- Kamalapuram Location in Telangana, India
- Coordinates: 17°07′N 80°02′E﻿ / ﻿17.11°N 80.03°E
- Country: India
- State: Telangana
- District: Khammam district

Government
- • Type: Panchayat
- Elevation: 107 m (351 ft)

Population (2012)
- • Total: 3,213

Languages
- • Official: Telugu
- Time zone: UTC+5:30 (IST)
- Mandal (sub-division): Mudigonda
- Lok Sabha constituency: Khammam
- Sex ratio: 1587 ♂/ 1656 ♀
- Website: Kamalapuram

= Kamalapuram, Khammam district =

Kamalapuram is a panchayat in the Khammam district of the Indian state of Telangana. According to the 2011 Indian Census, the sub-district code of the Kamalapuram block is 05224.

== Geography ==
Kamalapuram is located the middle of the villages of the Yalagondaswamy, with the village of Gattu to the east, Nachepalli to the west, Vanamvari Kistapuram to the north, and Banapuram to the south. The village of Kamalapuram occupies 2909 acre of land at an average elevation of about 107 m above sea level. The total area of Kamalapuram is 181 km^{2}.

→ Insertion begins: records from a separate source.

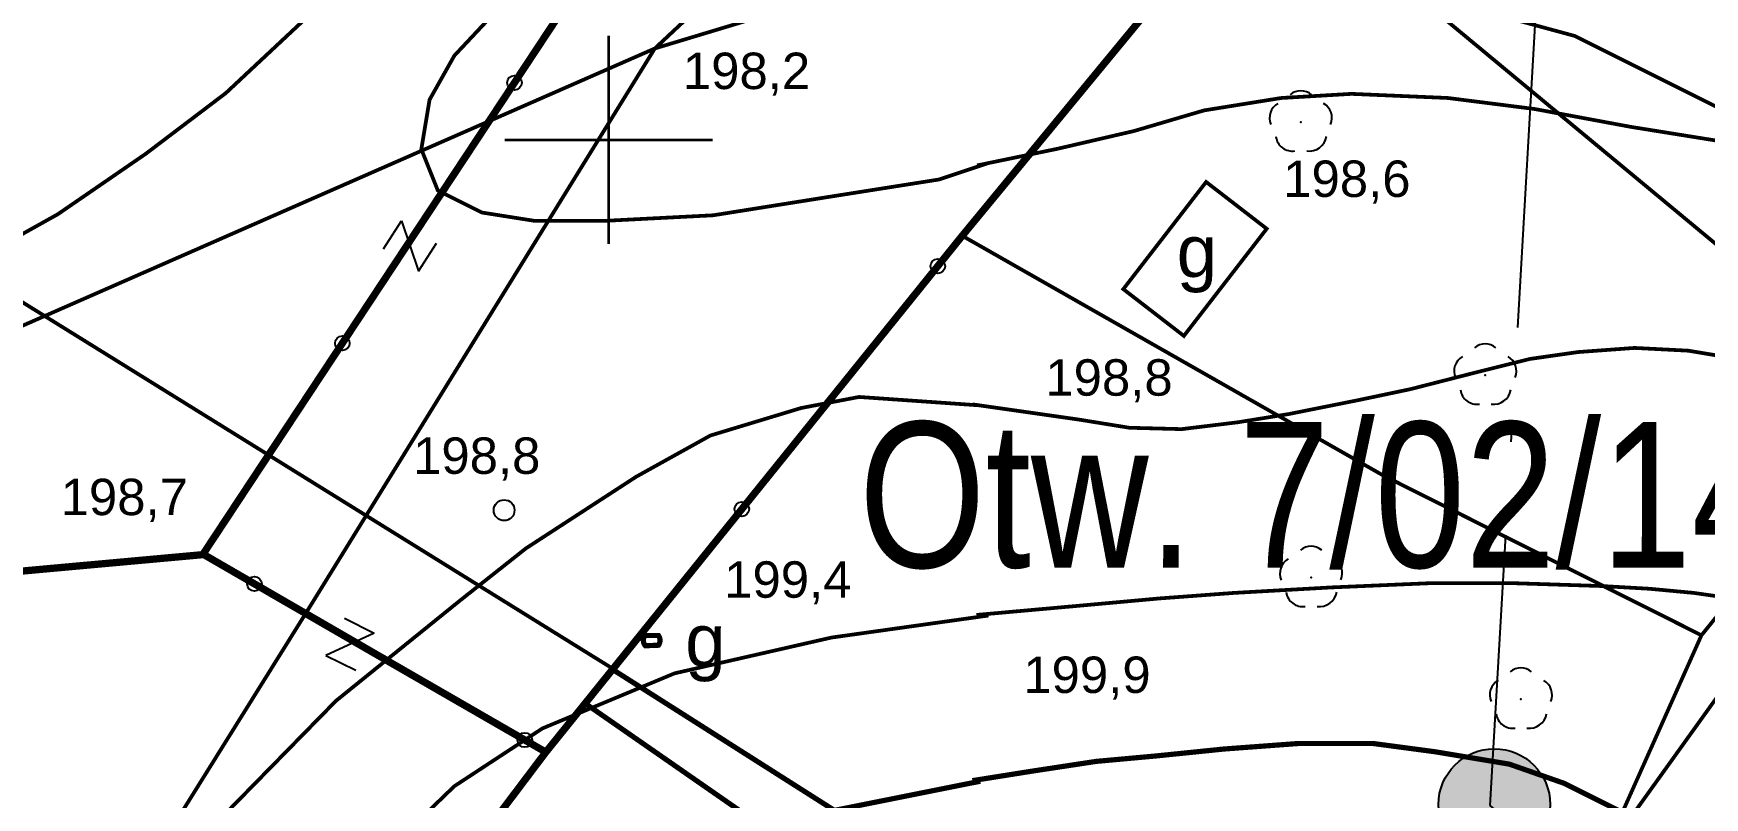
# Model space of a CAD drawing. Extents: x 7572697 to 7573818, y 5546684 to 5547005.
# Drawn here: x 7573186.18 to 7573226.33, y 5546784.19 to 5546802.56 of the extents above; entities that cross this region are included whole.
import ezdxf
from ezdxf.enums import TextEntityAlignment as Align

# ---------------------------------------------------------------- set-up
doc = ezdxf.new("R2010")
doc.units = 0
doc.header["$MEASUREMENT"] = 0
for name, pattern in [('15', [3, 2, -0.45, 0.1, -0.45]), ('2', [1, 0.5, -0.5]), ('901', [0])]:
    doc.linetypes.add(name, pattern=pattern)
doc.styles.add('STYL_ARIAL', font='Arial', dxfattribs={"oblique": 0.1})

# ---------------------------------------------------------------- blocks, each defined once
blk = doc.blocks.new('510')
at = {"color": 0}
blk.add_circle((0, 0), 0.25, dxfattribs=at)
blk.add_circle((0, 0), 0.25, dxfattribs=at)
blk = doc.blocks.new('922')
at = {"color": 0}
for centre, radius, start, end in [((-0.35, 0.1), 0.4, 119.8482, 203.5195), ((0, 0.35), 0.4, 50.114, 129.886), ((0.35, 0.1), 0.4, 336.8845, 60.1518), ((-0.2, -0.3), 0.4, 187.477, 278.4788), ((0.2, -0.275), 0.425, 262.6459, 349.6289)]:
    blk.add_arc(centre, radius, start, end, dxfattribs=at)
blk.add_point((0, 0), dxfattribs=at)
blk = doc.blocks.new('991')
at = {"color": 0}
for p, q in [((-0.4, 0.5), (0.4, 0.5)), ((0.4, 0.5), (-0.4, -0.5)), ((-0.4, -0.5), (0.4, -0.5))]:
    blk.add_line(p, q, dxfattribs=at)

msp = doc.modelspace()

# ---------------------------------------------------------------- hatches: boundary and pattern name
at = {"linetype": 'ByBlock'}
h = msp.add_hatch(color=1, dxfattribs=at)
edge = h.paths.add_edge_path()
edge.add_arc((7573221.2789, 5546784.0269), 1.3408, 0, 360)

# ---------------------------------------------------------------- linework, layer by layer
at = {"linetype": '15', "ltscale": 5}
msp.add_lwpolyline([(7573108.622, 5546899.293), (7573226.703, 5546880.3512), (7573221.1744, 5546784.0016), (7573305.1608, 5546712.2674)], dxfattribs=at)
at = {"color": 2}
for points, const_width in [([(7573096.6131, 5546850.9191), (7573100.9787, 5546848.3394), (7573110.0738, 5546842.5516), (7573128.2044, 5546831.5582), (7573141.6717, 5546823.3561), (7573167.3959, 5546807.5406), (7573181.4255, 5546798.8887), (7573200.1845, 5546787.2404)], 0.09), ([(7573208.7525, 5546781.7712), (7573200.1052, 5546787.2683)], 0.125)]:
    msp.add_lwpolyline(points, dxfattribs=dict(at, const_width=const_width))
at = {"color": 3, "linetype": '901', "const_width": 0.175}
for points in [[(7573198.493, 5546785.287), (7573208.496, 5546797.695), (7573212.728, 5546802.829), (7573215.5785, 5546806.6441), (7573216.339, 5546807.637), (7573218.244, 5546813.72), (7573224.226, 5546820.096)], [(7573201.87, 5546807.63), (7573190.258, 5546790.045), (7573194.665, 5546787.494), (7573198.493, 5546785.287)], [(7573133.1522, 5546791.8243), (7573164.8361, 5546787.7233), (7573190.3154, 5546790.0384)], [(7573180.6789, 5546762.2437), (7573180.7948, 5546762.1567), (7573189.001, 5546772.71), (7573198.493, 5546785.287)]]:
    msp.add_lwpolyline(points, dxfattribs=at)
at = {"color": 0, "linetype": '2', "const_width": 0.09}
for points in [[(7573209.0703, 5546765.499), (7573219.3891, 5546772.9404), (7573221.7372, 5546778.7943), (7573222.6434, 5546781.0499), (7573228.9273, 5546789.8142), (7573236.792, 5546801.0392), (7573250.2792, 5546814.3147)], [(7573216.0456, 5546797.9728), (7573216.0446, 5546797.9742), (7573216.0436, 5546797.9756), (7573216.0427, 5546797.9771), (7573216.0418, 5546797.9787), (7573216.041, 5546797.9802), (7573216.0403, 5546797.9818), (7573216.0396, 5546797.9834), (7573216.039, 5546797.985), (7573216.0384, 5546797.9867), (7573216.0379, 5546797.9883), (7573216.0374, 5546797.99), (7573216.037, 5546797.9917), (7573216.0367, 5546797.9934), (7573216.0364, 5546797.9951), (7573216.0362, 5546797.9969), (7573216.036, 5546797.9986), (7573216.0359, 5546798.0004), (7573216.0359, 5546798.0021), (7573216.0359, 5546798.0039), (7573216.036, 5546798.0056), (7573216.0362, 5546798.0073), (7573216.0364, 5546798.0091), (7573216.0366, 5546798.0108), (7573216.037, 5546798.0125), (7573216.0373, 5546798.0142), (7573216.0378, 5546798.0159), (7573216.0383, 5546798.0176), (7573216.0389, 5546798.0192), (7573216.0395, 5546798.0209), (7573216.0401, 5546798.0225), (7573216.0409, 5546798.024), (7573216.0417, 5546798.0256), (7573216.0425, 5546798.0271), (7573216.0434, 5546798.0286), (7573216.0443, 5546798.0301), (7573216.0453, 5546798.0315), (7573216.0464, 5546798.0329), (7573216.0475, 5546798.0343), (7573216.0486, 5546798.0356), (7573216.0498, 5546798.0369), (7573216.051, 5546798.0381), (7573216.0523, 5546798.0393), (7573216.0536, 5546798.0405), (7573216.055, 5546798.0416), (7573216.0564, 5546798.0426), (7573216.0578, 5546798.0436), (7573216.0592, 5546798.0446), (7573216.0607, 5546798.0455), (7573216.0623, 5546798.0464), (7573216.0638, 5546798.0472), (7573216.0654, 5546798.0479), (7573216.067, 5546798.0486), (7573216.0686, 5546798.0492), (7573216.0703, 5546798.0498), (7573216.0719, 5546798.0503), (7573216.0736, 5546798.0508), (7573216.0753, 5546798.0512), (7573216.077, 5546798.0515), (7573216.0788, 5546798.0518), (7573216.0805, 5546798.052), (7573216.0822, 5546798.0522), (7573216.084, 5546798.0523), (7573216.0857, 5546798.0523), (7573216.0875, 5546798.0523), (7573216.0892, 5546798.0522), (7573216.0909, 5546798.052), (7573216.0927, 5546798.0518), (7573216.0944, 5546798.0516), (7573216.0961, 5546798.0512), (7573216.0978, 5546798.0509), (7573216.0995, 5546798.0504), (7573216.1012, 5546798.0499), (7573216.1028, 5546798.0493), (7573216.1045, 5546798.0487), (7573216.1061, 5546798.0481), (7573216.1076, 5546798.0473), (7573216.1092, 5546798.0465), (7573216.1107, 5546798.0457), (7573216.1122, 5546798.0448), (7573216.1137, 5546798.0439), (7573216.1151, 5546798.0429), (7573216.1165, 5546798.0418), (7573216.1179, 5546798.0407), (7573216.1192, 5546798.0396), (7573216.1205, 5546798.0384), (7573216.1217, 5546798.0372), (7573216.1229, 5546798.0359), (7573216.1241, 5546798.0346), (7573216.1252, 5546798.0332), (7573216.1262, 5546798.0318), (7573216.1272, 5546798.0304), (7573216.1282, 5546798.029), (7573216.1291, 5546798.0275), (7573216.13, 5546798.0259), (7573216.1308, 5546798.0244), (7573216.1315, 5546798.0228), (7573216.1322, 5546798.0212), (7573216.1328, 5546798.0196), (7573216.1334, 5546798.0179), (7573216.1339, 5546798.0163), (7573216.1344, 5546798.0146), (7573216.1348, 5546798.0129), (7573216.1351, 5546798.0112), (7573216.1354, 5546798.0094), (7573216.1356, 5546798.0077), (7573216.1358, 5546798.006), (7573216.1359, 5546798.0042), (7573216.1359, 5546798.0025), (7573216.1359, 5546798.0007), (7573216.1358, 5546797.999), (7573216.1356, 5546797.9973), (7573216.1354, 5546797.9955), (7573216.1352, 5546797.9938), (7573216.1348, 5546797.9921), (7573216.1345, 5546797.9904), (7573216.134, 5546797.9887), (7573216.1335, 5546797.987), (7573216.133, 5546797.9854), (7573216.1323, 5546797.9837), (7573216.1317, 5546797.9821), (7573216.1309, 5546797.9806), (7573216.1301, 5546797.979), (7573216.1293, 5546797.9775), (7573216.1284, 5546797.976), (7573216.1275, 5546797.9745), (7573216.1265, 5546797.9731), (7573216.1254, 5546797.9717), (7573216.1243, 5546797.9703), (7573216.1232, 5546797.969), (7573216.122, 5546797.9677), (7573216.1208, 5546797.9665), (7573216.1195, 5546797.9653), (7573216.1182, 5546797.9641), (7573216.1168, 5546797.963), (7573216.1154, 5546797.962), (7573216.114, 5546797.961), (7573216.1126, 5546797.96), (7573216.1111, 5546797.9591), (7573216.1095, 5546797.9582), (7573216.108, 5546797.9574), (7573216.1064, 5546797.9567), (7573216.1048, 5546797.956), (7573216.1032, 5546797.9554), (7573216.1015, 5546797.9548), (7573216.0999, 5546797.9543), (7573216.0982, 5546797.9538), (7573216.0965, 5546797.9534), (7573216.0948, 5546797.9531), (7573216.0931, 5546797.9528), (7573216.0913, 5546797.9526), (7573216.0896, 5546797.9524), (7573216.0878, 5546797.9523), (7573216.0861, 5546797.9523), (7573216.0843, 5546797.9523), (7573216.0826, 5546797.9524), (7573216.0809, 5546797.9526), (7573216.0791, 5546797.9528), (7573216.0774, 5546797.953), (7573216.0757, 5546797.9534), (7573216.074, 5546797.9537), (7573216.0723, 5546797.9542), (7573216.0706, 5546797.9547), (7573216.069, 5546797.9552), (7573216.0673, 5546797.9559), (7573216.0657, 5546797.9565), (7573216.0642, 5546797.9573), (7573216.0626, 5546797.9581), (7573216.0611, 5546797.9589), (7573216.0596, 5546797.9598), (7573216.0581, 5546797.9607), (7573216.0567, 5546797.9617), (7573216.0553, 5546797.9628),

== Agriculture and civil affairs ==
Agriculture is the main occupation of Kamalapuram residents, with cotton and red chili being the main crops. 1914 acre of land is currently under cultivation in Kamalapuram. Paddy fields are the most common type of arable land in the region.

People of various castes and religions live in Kamalapuram. The languages most commonly spoken are Telugu and Urdu.

The village has two primary schools: Zilla Parishad School and Anganwadi Centre. Drinking water is supplied from a panchayat-administrated reservoir.

== Political Representation ==

- Parliament Constituency: Khammam
- Member Of Parliament: Sri Nama nageshwar rao
- Assembly Constituency: Madhira
- MLA : Sri Mallu Bhatti Vikramarka
- Sarpanch: Smt Valluri Varalakshmi Garu
- Upa Sarpanch : Avasani Venkateshwarlu
- MPTC: Sri Devarapalli Adinarayana Reddy Garu

== Demographics ==

| Gender | Population |
|---|---|
| Male | 25,969 |
| Female | 26,199 |
| Total | 52,168 |

The Kamalapuram area hosts a population of 52,168 people. There are 12,664 houses in the sub-district, divided between the 24 villages in the Kamalapuram block.